As they flew, the downdraft alone was knocking cars and buses this way and that. Pedestrians were thrown against walls and down to the ground.

Just from the wind off their wings.

“Huh,” Stefan said. It was an admiring “huh.”

“Huh,” Risky said. Hers was not an admiring “huh.” You can get a lot of different emotions across with

just a “huh.” And Risky’s version was conveying some very real apprehension.

The dragons’ speed was startling.

“You’ve broken the ancient treaty, Ereskigal,” Xiao said. “They are required to punish you or risk war with the dragons of the east.”

“Pfff,” Risky said. “Nobody punishes me!”

She was brave. Give credit where it is due: she was brave.

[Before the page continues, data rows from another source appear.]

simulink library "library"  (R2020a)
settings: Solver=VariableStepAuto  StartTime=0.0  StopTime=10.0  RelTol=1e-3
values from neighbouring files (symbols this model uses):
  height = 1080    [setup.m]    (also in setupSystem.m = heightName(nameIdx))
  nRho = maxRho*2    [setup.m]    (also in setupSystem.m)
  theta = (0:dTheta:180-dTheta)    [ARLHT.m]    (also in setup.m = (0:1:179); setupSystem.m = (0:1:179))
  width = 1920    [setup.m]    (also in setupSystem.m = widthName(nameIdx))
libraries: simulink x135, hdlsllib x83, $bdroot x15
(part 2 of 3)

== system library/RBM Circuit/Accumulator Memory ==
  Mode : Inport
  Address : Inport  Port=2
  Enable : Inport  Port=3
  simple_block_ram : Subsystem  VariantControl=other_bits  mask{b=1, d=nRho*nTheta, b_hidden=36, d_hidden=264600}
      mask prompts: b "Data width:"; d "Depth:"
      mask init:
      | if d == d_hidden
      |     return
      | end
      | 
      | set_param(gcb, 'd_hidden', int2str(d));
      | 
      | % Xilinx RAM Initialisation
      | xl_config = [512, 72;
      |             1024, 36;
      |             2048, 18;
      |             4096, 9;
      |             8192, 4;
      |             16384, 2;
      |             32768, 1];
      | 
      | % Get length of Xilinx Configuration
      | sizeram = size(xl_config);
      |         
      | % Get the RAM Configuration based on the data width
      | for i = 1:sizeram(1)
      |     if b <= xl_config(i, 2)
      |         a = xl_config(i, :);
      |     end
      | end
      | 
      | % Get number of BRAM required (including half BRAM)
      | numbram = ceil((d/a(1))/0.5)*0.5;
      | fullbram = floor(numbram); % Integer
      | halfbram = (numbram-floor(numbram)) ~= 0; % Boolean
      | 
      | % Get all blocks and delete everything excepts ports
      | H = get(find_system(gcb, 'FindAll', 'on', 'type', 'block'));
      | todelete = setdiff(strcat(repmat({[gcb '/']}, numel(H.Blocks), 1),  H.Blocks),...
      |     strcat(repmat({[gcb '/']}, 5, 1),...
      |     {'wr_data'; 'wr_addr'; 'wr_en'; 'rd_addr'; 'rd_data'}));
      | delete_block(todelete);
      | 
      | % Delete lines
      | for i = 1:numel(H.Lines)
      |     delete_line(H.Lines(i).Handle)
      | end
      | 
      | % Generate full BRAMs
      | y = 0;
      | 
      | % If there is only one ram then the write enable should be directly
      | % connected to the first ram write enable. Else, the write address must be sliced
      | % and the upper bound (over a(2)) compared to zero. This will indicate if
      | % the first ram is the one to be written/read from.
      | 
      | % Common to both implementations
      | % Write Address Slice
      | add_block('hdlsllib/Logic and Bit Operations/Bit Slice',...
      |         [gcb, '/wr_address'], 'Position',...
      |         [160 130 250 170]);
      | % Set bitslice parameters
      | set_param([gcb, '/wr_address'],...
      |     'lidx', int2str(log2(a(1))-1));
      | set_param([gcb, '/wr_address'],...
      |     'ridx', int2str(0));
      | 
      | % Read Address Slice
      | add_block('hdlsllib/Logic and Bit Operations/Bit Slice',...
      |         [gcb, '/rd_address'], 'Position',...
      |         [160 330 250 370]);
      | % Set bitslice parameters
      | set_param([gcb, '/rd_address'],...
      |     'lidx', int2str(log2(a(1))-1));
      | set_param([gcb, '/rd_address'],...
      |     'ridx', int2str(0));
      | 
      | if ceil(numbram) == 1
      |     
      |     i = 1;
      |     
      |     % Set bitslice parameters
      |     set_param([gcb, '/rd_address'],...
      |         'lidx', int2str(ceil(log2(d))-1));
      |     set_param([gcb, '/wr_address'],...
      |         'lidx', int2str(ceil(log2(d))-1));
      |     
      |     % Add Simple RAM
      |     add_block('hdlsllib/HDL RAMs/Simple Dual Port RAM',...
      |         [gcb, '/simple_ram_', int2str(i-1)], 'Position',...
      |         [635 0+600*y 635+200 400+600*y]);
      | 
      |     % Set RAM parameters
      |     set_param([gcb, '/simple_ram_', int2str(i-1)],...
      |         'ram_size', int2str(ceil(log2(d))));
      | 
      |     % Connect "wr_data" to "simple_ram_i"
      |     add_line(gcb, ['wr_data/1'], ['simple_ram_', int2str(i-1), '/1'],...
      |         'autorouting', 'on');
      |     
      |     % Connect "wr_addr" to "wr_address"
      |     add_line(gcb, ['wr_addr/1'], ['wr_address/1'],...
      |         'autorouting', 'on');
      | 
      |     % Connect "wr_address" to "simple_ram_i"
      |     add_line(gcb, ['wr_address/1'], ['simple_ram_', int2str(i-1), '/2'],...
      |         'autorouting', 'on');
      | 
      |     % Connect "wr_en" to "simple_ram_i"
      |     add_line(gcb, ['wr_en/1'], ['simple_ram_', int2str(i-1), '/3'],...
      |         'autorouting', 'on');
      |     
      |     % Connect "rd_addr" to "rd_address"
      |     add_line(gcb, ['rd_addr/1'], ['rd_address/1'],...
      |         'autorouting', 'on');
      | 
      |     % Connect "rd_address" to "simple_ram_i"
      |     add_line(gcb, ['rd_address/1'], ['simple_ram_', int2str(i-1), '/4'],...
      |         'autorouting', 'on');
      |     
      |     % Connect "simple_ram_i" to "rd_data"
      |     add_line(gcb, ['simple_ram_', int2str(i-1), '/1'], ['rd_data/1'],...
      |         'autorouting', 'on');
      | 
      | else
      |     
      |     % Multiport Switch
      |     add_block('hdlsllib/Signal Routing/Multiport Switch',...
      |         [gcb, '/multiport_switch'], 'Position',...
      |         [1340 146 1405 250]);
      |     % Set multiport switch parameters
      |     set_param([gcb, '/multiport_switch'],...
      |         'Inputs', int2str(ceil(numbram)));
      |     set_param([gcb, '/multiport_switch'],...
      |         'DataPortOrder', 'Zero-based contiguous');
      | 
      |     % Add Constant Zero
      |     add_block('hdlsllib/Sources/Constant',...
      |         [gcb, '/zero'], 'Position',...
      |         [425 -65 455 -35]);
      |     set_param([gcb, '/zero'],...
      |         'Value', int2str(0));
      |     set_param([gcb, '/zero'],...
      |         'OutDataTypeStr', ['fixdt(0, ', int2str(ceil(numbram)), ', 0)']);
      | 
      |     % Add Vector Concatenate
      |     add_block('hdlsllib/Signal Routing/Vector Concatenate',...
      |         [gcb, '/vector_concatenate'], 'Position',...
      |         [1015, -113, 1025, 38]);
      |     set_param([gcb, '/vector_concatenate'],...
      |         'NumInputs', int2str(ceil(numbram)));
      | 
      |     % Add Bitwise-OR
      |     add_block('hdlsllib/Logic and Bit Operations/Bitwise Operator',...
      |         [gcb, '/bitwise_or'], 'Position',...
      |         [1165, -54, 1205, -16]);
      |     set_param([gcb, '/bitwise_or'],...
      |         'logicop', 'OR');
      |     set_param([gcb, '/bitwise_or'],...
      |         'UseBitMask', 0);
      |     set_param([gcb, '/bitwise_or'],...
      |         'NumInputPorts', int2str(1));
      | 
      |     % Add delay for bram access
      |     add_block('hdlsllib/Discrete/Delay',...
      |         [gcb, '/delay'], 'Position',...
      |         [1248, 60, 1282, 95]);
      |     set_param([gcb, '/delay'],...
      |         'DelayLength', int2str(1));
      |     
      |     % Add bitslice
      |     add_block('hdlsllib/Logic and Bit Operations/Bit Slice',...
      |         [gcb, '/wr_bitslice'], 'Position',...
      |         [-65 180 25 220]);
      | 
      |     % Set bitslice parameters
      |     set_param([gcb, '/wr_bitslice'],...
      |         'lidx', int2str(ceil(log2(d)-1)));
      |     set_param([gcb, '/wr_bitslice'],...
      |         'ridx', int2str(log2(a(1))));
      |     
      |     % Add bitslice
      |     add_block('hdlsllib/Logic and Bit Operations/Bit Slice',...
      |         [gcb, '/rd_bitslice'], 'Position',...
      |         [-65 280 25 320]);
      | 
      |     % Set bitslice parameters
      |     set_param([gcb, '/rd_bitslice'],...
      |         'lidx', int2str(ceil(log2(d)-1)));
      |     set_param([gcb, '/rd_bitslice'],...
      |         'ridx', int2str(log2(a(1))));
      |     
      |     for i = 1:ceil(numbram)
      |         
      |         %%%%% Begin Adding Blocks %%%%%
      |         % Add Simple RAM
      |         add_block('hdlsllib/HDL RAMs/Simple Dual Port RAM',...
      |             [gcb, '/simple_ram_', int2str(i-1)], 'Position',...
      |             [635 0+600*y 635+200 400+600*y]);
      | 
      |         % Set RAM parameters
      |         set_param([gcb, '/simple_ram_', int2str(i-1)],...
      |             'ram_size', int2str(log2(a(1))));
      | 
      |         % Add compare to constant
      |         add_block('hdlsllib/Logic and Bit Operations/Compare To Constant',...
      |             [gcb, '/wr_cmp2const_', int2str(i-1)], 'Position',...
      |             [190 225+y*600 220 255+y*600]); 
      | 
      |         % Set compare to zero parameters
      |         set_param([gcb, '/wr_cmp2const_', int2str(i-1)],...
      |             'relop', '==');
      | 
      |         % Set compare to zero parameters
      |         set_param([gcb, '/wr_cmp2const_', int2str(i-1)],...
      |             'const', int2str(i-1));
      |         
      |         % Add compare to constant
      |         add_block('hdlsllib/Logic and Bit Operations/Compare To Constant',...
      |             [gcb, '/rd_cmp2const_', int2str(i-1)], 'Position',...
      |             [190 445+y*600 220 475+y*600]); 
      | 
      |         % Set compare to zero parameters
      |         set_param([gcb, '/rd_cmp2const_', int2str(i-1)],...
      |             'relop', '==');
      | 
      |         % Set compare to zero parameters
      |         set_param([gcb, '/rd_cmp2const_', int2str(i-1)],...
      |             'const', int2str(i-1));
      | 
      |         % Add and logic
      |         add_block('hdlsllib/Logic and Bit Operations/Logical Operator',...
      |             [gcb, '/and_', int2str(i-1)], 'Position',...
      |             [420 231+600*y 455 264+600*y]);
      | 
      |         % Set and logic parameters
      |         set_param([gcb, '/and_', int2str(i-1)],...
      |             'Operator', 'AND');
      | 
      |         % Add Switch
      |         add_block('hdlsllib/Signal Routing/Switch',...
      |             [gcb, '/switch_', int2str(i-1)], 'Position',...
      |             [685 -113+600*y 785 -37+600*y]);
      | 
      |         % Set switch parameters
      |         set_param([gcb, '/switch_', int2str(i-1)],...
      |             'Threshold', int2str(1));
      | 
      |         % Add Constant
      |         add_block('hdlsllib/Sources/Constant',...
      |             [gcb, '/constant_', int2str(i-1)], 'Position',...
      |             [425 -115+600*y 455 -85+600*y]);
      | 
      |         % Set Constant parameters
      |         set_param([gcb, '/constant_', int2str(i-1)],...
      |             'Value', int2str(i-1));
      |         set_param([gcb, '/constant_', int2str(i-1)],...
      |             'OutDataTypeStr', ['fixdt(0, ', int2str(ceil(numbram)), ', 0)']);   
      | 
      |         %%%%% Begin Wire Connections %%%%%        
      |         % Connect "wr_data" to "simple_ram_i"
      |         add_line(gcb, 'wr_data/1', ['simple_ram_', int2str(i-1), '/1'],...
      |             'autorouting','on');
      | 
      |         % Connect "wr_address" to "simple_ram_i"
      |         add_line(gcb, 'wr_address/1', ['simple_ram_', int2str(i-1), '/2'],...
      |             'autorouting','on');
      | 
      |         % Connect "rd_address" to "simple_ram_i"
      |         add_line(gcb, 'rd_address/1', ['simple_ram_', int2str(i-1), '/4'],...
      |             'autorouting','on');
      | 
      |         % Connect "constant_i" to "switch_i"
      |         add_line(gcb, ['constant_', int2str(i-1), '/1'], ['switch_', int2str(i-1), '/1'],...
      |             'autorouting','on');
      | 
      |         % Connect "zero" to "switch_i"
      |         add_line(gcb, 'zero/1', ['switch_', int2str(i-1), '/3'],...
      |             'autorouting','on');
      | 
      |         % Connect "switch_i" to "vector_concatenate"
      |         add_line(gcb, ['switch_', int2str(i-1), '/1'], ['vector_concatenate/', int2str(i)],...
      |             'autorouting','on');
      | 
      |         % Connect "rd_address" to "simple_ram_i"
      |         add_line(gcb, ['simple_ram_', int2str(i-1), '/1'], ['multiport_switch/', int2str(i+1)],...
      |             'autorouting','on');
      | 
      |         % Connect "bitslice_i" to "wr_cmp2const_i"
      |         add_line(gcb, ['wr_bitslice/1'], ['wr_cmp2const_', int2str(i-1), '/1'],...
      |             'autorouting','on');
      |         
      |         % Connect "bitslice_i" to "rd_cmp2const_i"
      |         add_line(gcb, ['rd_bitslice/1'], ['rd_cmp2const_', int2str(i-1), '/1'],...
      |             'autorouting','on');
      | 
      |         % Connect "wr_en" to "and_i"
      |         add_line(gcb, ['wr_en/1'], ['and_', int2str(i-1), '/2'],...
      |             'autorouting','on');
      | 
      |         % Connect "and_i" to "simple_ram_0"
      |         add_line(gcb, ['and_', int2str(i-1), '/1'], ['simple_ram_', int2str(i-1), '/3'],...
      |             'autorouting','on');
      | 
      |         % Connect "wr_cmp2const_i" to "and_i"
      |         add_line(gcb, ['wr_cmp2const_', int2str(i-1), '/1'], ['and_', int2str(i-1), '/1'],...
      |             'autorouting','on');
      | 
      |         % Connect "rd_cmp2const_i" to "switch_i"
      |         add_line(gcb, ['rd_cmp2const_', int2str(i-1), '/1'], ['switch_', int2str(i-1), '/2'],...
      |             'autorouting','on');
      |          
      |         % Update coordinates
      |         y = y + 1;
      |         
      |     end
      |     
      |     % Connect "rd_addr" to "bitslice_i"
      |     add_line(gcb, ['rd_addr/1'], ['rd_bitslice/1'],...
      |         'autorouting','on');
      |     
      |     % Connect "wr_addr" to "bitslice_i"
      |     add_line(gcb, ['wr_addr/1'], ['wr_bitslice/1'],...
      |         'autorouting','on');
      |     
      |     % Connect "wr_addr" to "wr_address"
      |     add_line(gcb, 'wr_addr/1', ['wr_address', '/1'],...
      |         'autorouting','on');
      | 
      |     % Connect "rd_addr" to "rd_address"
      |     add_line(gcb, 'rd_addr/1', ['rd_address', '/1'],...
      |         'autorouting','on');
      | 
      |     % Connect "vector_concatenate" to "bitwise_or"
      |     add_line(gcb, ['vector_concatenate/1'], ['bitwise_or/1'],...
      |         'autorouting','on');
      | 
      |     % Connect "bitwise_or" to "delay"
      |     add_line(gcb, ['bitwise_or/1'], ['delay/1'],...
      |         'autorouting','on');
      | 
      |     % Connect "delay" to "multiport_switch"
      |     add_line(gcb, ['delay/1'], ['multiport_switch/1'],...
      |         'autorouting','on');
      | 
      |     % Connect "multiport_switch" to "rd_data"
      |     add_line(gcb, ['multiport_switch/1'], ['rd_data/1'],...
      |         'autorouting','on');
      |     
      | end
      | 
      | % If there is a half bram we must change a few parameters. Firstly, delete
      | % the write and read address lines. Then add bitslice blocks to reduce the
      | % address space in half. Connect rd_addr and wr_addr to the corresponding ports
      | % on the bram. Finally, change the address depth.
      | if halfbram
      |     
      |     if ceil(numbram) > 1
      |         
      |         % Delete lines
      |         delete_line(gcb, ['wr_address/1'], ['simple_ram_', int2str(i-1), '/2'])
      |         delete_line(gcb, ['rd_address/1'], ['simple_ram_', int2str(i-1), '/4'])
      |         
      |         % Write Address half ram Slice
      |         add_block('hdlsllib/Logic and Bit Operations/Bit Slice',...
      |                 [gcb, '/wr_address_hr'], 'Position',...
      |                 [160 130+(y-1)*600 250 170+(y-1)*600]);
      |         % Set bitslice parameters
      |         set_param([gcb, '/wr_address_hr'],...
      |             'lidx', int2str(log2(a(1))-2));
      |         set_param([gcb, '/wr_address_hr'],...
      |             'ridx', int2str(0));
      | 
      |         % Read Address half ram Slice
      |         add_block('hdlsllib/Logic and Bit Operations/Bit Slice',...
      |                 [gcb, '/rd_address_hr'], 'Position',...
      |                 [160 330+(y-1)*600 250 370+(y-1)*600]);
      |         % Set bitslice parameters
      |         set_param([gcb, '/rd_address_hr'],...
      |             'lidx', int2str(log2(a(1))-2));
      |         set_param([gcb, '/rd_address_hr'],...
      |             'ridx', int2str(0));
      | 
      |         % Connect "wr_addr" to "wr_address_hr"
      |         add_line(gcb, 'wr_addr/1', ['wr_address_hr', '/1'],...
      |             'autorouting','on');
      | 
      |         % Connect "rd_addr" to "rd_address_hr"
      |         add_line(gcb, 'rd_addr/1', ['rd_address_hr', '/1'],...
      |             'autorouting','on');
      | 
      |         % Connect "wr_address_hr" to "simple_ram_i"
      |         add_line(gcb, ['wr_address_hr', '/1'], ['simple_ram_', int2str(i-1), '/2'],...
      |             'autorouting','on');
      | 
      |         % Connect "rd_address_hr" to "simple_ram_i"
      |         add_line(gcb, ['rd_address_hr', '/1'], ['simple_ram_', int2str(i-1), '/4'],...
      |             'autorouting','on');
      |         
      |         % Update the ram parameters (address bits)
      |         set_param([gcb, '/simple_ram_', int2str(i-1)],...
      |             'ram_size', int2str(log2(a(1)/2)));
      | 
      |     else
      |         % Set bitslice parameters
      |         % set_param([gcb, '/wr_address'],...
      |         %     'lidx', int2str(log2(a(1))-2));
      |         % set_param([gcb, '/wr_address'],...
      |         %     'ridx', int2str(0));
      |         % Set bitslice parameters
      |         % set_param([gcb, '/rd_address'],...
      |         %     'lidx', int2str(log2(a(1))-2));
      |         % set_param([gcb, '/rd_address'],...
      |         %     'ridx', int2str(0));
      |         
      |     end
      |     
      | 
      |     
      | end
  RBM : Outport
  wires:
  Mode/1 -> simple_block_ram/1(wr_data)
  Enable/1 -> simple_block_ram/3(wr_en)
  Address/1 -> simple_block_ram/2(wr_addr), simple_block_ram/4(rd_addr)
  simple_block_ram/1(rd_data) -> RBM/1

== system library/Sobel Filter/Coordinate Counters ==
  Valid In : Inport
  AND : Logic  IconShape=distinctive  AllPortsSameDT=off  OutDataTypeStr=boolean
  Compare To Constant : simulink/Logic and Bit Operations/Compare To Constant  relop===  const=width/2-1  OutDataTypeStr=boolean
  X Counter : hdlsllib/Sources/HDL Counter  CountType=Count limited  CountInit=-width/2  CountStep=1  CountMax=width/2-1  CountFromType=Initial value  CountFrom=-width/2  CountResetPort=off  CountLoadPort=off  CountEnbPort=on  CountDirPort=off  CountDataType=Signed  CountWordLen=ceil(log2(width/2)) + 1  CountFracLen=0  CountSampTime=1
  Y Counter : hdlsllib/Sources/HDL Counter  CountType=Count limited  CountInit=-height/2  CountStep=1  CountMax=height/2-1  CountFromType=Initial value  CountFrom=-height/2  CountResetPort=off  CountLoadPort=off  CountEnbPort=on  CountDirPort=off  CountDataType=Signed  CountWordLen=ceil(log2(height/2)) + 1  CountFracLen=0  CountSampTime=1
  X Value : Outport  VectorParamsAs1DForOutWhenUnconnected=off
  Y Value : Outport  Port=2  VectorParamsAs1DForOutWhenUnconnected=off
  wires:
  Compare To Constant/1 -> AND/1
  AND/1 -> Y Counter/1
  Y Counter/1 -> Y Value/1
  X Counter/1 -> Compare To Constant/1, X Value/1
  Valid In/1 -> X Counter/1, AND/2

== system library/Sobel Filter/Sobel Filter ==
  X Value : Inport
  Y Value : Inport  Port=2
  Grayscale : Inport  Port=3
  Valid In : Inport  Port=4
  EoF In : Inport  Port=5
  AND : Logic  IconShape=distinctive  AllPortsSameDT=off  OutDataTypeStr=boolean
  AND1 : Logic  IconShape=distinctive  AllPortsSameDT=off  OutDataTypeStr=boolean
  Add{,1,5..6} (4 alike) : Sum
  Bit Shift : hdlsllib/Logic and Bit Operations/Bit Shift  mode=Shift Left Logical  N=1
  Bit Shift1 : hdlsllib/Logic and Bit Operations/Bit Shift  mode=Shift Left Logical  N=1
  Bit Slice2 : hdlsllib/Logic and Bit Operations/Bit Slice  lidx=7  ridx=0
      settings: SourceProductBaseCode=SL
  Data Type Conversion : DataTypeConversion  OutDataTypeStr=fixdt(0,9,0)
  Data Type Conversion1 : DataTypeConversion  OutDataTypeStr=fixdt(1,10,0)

For another three seconds.

But there is just something about three massive, leathery, fire-breathing monsters the size of the largest bombers coming at you at eighty miles an hour that shakes your resolve.

“All right! All right!” Risky cried. Swiftly her scales and sinews, her talons and barbed tail, melted away to become her usual form again.

The dragons saw and swerved at the last minute. They blew past with such tornadic force that the tower itself spun twice before stabilizing.

Two of the dragons headed straight back in the direction of Sacré-Coeur, and Risky breathed a sigh of relief.

Standing on the railing again, she said, “Fine: I’ll do it in a less dramatic fashion!”

She leveled her clenched fist at Mack. She spoke words that might have been Vargran, but might also have been some still more ancient—and more evil—language.

Mack stopped breathing. He wanted desperately to clutch his throat, but if he broke contact with the others …

And yet how long … face turning red … choking …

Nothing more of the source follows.